Segment Start: DATA SUPPLIED

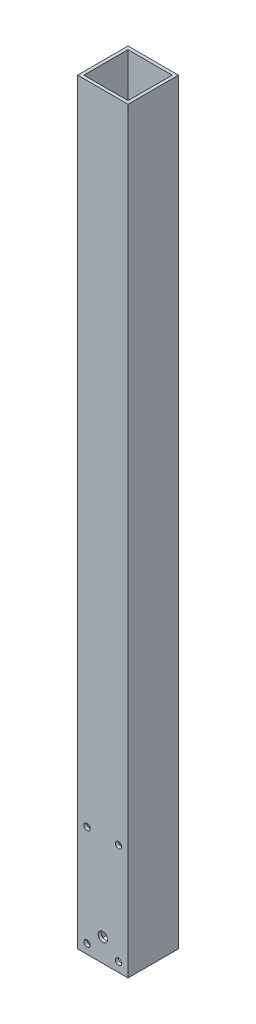
SolidWorks part; units mm, degrees
material "1060 Alloy"
ref_plane "Front Plane" through (0, 0, 0) normal (0, 0, 1) x (1, 0, 0)
ref_plane "Top Plane" through (0, 0, 0) normal (0, 1, 0) x (1, 0, 0)
ref_plane "Right Plane" through (0, 0, 0) normal (1, 0, 0) x (0, 0, -1)
sketch "Sketch1" plane through (0, 0, 0) normal (0, 1, 0) x (1, 0, 0)
  line L0 (3.175, 47.625) -> (47.625, 47.625)
  line L1 (0, 0) -> (50.8, 0)
  line L2 (0, 0) -> (0, 50.8)
  line L3 (0, 50.8) -> (50.8, 50.8)
  line L4 (50.8, 0) -> (50.8, 50.8)
  line L5 (47.625, 3.175) -> (47.625, 47.625)
  line L6 (3.175, 3.175) -> (47.625, 3.175)
  line L7 (3.175, 3.175) -> (3.175, 47.625)
  dimension "D1" = 50.8
  dimension "D2" = 3.175
extrude "Boss-Extrude1" add sketch "Sketch1" along normal blind 762
sketch "Sketch2" plane through (0, 0, 0) normal (0, 0, 1) x (1, 0, 0)
  line L0 (0, 762) -> (0, 0) construction
  line L1 (0, 0) -> (50.8, 0) construction
  line L2 (50.8, 762) -> (50.8, 0) construction
  circle A0 centre (9.525, 111.125) radius 3.175
  circle A1 centre (41.275, 111.125) radius 3.175
  circle A2 centre (9.525, 9.525) radius 3.175
  circle A3 centre (41.275, 9.525) radius 3.175
  circle A4 centre (25.4, 23.114) radius 4.7625
  point P13 (25.4, 0)
  dimension "D1" = 6.35
  dimension "D6" = 9.525
  dimension "D2" = 9.525
  dimension "D3" = 9.525
  dimension "D4" = 9.525
  dimension "D5" = 111.125
  dimension "D7" = 23.114
extrude "Cut-Extrude1" cut sketch "Sketch2" against normal through all
ref_plane "Plane1" [suppressed] through (0, 508, 0) normal (0, 1, 0) x (1, 0, 0)
mirror "Mirror1" [suppressed] about plane through (0, 508, 0) normal (0, 1, 0)

Segment End: DATA SUPPLIED

Your task is an exact transcription of all the data, minus the pictures.

- [YOUR RESPONSE]:
SolidWorks part; units mm, degrees
material "1060 Alloy"
ref_plane "Front Plane" through (0, 0, 0) normal (0, 0, 1) x (1, 0, 0)
ref_plane "Top Plane" through (0, 0, 0) normal (0, 1, 0) x (1, 0, 0)
ref_plane "Right Plane" through (0, 0, 0) normal (1, 0, 0) x (0, 0, -1)
sketch "Sketch1" plane through (0, 0, 0) normal (0, 1, 0) x (1, 0, 0)
  line L0 (3.175, 47.625) -> (47.625, 47.625)
  line L1 (0, 0) -> (50.8, 0)
  line L2 (0, 0) -> (0, 50.8)
  line L3 (0, 50.8) -> (50.8, 50.8)
  line L4 (50.8, 0) -> (50.8, 50.8)
  line L5 (47.625, 3.175) -> (47.625, 47.625)
  line L6 (3.175, 3.175) -> (47.625, 3.175)
  line L7 (3.175, 3.175) -> (3.175, 47.625)
  dimension "D1" = 50.8
  dimension "D2" = 3.175
extrude "Boss-Extrude1" add sketch "Sketch1" along normal blind 762
sketch "Sketch2" plane through (0, 0, 0) normal (0, 0, 1) x (1, 0, 0)
  line L0 (0, 762) -> (0, 0) construction
  line L1 (0, 0) -> (50.8, 0) construction
  line L2 (50.8, 762) -> (50.8, 0) construction
  circle A0 centre (9.525, 111.125) radius 3.175
  circle A1 centre (41.275, 111.125) radius 3.175
  circle A2 centre (9.525, 9.525) radius 3.175
  circle A3 centre (41.275, 9.525) radius 3.175
  circle A4 centre (25.4, 23.114) radius 4.7625
  point P13 (25.4, 0)
  dimension "D1" = 6.35
  dimension "D6" = 9.525
  dimension "D2" = 9.525
  dimension "D3" = 9.525
  dimension "D4" = 9.525
  dimension "D5" = 111.125
  dimension "D7" = 23.114
extrude "Cut-Extrude1" cut sketch "Sketch2" against normal through all
ref_plane "Plane1" [suppressed] through (0, 508, 0) normal (0, 1, 0) x (1, 0, 0)
mirror "Mirror1" [suppressed] about plane through (0, 508, 0) normal (0, 1, 0)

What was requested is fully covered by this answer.